# Records for the exercise:
****************
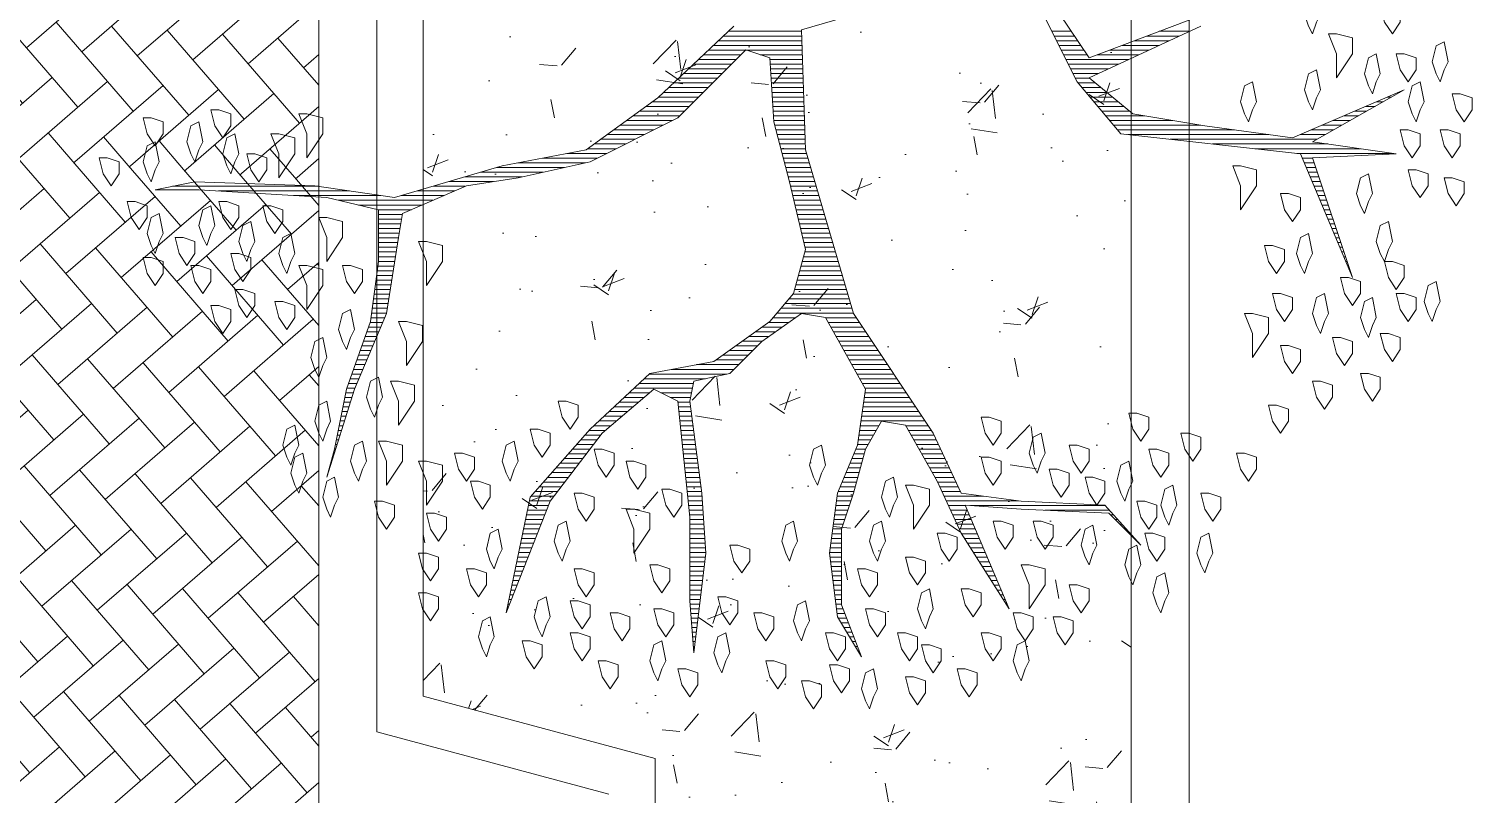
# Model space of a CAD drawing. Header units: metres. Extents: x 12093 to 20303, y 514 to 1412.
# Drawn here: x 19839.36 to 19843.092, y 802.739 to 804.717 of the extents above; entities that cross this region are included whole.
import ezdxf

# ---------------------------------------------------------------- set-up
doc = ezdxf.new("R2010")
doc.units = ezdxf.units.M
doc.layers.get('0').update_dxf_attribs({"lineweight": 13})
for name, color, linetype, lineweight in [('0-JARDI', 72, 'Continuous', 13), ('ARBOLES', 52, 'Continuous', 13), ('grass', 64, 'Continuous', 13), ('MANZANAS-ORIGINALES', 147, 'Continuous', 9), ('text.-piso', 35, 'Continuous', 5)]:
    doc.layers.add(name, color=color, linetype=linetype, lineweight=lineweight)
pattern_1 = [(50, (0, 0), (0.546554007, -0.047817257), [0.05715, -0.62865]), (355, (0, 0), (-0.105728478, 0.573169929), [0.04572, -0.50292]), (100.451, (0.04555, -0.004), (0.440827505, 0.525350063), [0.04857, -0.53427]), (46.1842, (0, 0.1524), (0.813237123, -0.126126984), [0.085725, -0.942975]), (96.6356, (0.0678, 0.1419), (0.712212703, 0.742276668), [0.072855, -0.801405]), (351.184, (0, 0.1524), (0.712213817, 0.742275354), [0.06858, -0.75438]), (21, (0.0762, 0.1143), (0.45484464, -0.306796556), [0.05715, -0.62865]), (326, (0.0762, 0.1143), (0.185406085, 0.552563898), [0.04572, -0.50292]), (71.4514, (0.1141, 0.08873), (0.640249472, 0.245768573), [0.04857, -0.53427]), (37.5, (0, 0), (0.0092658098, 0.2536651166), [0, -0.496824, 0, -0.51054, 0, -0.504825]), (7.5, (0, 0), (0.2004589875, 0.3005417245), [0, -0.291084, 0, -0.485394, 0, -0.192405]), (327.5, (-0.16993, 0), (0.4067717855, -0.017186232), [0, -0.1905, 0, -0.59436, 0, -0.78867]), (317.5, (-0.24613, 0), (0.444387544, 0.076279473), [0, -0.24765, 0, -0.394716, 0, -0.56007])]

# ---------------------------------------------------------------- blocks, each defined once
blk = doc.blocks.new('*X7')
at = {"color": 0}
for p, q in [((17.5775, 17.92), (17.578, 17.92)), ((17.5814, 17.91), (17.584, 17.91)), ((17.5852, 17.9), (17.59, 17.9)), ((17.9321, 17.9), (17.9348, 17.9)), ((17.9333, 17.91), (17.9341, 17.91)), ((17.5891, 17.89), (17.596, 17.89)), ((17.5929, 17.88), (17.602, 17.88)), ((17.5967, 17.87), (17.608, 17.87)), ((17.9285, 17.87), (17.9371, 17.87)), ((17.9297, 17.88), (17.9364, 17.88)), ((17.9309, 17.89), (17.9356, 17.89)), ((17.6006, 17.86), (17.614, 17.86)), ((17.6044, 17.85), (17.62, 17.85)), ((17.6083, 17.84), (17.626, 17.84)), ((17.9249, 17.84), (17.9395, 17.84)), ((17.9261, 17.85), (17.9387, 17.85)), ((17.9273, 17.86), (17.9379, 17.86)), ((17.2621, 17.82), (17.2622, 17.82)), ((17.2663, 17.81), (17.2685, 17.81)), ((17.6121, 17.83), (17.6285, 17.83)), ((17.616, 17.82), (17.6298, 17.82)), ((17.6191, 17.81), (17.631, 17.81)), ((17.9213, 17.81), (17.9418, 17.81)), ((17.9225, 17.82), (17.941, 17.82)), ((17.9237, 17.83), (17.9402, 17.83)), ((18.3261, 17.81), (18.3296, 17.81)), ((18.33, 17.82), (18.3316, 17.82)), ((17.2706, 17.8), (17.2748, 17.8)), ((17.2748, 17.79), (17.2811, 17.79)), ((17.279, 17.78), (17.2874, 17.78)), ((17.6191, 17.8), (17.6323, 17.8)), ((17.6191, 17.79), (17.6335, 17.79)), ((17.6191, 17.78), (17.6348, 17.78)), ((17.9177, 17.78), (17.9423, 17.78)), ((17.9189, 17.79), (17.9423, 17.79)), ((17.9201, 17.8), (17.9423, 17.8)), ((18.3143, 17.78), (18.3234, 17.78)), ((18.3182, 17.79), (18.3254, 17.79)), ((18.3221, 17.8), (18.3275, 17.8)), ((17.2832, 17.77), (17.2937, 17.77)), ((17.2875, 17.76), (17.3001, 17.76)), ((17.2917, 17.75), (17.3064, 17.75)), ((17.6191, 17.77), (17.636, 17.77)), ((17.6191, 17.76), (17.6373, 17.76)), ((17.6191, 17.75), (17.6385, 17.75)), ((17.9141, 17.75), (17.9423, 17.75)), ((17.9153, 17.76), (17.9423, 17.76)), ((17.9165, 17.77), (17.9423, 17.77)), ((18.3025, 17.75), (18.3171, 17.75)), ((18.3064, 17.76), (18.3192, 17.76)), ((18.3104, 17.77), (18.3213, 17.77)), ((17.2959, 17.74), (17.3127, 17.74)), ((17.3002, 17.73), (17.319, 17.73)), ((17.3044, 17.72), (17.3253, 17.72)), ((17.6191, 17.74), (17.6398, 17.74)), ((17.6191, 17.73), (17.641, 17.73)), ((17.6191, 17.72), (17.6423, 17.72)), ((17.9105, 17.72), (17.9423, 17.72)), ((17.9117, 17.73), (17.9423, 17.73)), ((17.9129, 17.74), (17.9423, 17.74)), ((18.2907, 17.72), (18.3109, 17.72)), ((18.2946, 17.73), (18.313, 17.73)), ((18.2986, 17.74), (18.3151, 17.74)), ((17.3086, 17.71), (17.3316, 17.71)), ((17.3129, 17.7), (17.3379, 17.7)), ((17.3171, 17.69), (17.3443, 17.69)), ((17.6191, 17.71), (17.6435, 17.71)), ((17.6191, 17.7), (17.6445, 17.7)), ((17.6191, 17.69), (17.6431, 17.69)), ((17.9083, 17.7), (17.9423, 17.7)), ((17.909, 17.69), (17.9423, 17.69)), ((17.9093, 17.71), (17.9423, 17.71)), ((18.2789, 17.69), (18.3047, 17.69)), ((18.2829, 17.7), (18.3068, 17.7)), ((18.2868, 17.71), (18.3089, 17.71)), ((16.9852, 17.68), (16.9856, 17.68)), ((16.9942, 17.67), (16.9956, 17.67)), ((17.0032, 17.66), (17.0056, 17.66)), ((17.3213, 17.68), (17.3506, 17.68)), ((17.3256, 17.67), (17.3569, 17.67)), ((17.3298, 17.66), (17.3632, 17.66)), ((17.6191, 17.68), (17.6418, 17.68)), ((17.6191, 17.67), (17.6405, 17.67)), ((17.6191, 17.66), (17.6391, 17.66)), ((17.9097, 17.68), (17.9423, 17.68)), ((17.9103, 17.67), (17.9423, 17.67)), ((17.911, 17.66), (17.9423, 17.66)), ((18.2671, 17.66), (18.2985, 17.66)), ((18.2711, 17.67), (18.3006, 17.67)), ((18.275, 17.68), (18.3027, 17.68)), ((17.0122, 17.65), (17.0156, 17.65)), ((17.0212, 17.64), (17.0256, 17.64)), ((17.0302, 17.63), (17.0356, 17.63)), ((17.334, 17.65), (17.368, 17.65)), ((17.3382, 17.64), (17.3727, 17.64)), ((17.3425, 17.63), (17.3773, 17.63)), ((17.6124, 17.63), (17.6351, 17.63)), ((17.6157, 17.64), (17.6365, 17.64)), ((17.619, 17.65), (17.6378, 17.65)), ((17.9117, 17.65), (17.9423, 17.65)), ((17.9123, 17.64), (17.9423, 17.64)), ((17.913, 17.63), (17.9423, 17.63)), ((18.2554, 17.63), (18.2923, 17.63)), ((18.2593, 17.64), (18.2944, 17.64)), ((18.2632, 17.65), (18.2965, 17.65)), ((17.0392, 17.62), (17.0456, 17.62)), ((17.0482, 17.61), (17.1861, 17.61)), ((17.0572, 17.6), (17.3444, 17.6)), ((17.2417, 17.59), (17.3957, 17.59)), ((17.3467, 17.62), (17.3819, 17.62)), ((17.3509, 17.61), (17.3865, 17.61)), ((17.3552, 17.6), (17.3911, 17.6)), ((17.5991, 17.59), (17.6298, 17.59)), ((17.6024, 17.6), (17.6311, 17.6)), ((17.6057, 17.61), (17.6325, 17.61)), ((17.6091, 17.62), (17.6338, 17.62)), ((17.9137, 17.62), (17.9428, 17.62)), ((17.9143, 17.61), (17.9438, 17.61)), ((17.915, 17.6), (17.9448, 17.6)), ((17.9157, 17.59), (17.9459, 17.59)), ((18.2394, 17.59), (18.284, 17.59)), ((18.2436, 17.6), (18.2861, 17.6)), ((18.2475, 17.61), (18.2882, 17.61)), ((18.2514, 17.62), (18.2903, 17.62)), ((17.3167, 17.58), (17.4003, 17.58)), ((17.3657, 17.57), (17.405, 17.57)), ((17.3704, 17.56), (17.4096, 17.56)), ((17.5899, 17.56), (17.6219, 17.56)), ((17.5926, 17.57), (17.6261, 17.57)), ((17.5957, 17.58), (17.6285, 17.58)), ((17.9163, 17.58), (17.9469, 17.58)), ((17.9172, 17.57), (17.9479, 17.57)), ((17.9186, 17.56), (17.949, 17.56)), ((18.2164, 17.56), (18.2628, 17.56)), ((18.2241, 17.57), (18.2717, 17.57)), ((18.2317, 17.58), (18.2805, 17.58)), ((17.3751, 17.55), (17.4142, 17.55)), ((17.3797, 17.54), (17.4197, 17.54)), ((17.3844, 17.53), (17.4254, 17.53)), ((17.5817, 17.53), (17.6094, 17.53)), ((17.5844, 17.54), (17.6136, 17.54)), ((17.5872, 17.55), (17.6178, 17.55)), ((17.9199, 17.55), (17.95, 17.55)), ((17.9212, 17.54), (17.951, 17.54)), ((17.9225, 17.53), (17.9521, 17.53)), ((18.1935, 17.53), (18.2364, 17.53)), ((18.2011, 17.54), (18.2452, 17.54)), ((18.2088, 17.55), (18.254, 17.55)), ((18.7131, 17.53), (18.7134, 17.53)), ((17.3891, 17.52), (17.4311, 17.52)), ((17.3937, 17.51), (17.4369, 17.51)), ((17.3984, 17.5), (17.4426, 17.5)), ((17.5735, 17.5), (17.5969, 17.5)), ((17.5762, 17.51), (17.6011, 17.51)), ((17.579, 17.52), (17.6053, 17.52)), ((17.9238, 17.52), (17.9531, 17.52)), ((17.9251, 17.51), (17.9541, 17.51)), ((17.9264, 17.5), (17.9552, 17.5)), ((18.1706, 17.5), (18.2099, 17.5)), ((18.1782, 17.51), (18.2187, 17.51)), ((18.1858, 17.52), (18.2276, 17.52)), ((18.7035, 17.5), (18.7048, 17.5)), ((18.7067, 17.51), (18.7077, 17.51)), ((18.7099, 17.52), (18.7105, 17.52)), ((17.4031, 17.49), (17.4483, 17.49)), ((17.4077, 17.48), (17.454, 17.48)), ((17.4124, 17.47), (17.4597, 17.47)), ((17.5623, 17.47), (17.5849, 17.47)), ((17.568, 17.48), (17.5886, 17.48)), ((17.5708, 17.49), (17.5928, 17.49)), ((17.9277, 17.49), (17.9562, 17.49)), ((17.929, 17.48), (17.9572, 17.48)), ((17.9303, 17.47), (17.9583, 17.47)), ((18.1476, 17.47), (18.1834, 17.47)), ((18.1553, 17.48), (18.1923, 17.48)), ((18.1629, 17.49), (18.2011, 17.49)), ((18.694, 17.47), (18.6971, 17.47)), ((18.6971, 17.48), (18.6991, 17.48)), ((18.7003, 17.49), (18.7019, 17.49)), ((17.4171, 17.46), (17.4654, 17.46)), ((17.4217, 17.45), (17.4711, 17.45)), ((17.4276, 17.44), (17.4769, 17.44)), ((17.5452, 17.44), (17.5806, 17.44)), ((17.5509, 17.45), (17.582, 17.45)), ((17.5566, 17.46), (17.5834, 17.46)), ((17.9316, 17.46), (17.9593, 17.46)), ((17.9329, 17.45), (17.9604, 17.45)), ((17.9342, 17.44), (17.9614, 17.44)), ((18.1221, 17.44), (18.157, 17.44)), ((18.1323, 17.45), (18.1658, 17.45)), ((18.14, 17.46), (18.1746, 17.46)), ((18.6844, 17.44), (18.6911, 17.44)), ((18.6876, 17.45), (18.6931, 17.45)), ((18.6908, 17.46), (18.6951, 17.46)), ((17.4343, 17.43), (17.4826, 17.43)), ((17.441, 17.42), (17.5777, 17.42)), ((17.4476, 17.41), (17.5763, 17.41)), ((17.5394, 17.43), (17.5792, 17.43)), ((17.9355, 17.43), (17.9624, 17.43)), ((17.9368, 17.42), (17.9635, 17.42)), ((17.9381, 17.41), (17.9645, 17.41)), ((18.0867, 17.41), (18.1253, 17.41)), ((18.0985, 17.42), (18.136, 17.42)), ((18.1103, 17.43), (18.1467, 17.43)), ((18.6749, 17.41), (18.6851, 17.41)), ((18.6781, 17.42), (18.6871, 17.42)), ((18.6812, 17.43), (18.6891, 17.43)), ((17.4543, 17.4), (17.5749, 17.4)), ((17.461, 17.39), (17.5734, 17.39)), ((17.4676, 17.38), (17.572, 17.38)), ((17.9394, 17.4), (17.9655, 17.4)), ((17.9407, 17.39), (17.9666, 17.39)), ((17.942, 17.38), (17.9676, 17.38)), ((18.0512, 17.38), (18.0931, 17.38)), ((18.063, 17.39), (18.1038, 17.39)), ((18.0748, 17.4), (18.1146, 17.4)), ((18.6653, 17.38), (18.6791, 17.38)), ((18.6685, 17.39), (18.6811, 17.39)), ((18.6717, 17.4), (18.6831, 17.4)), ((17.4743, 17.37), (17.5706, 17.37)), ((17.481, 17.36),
****************
# Exercise directions:
Pull out each line of the listing that holds the string "name".

# Your solution:
for name, color, linetype, lineweight in [('0-JARDI', 72, 'Continuous', 13), ('ARBOLES', 52, 'Continuous', 13), ('grass', 64, 'Continuous', 13), ('MANZANAS-ORIGINALES', 147, 'Continuous', 9), ('text.-piso', 35, 'Continuous', 5)]:
    doc.layers.add(name, color=color, linetype=linetype, lineweight=lineweight)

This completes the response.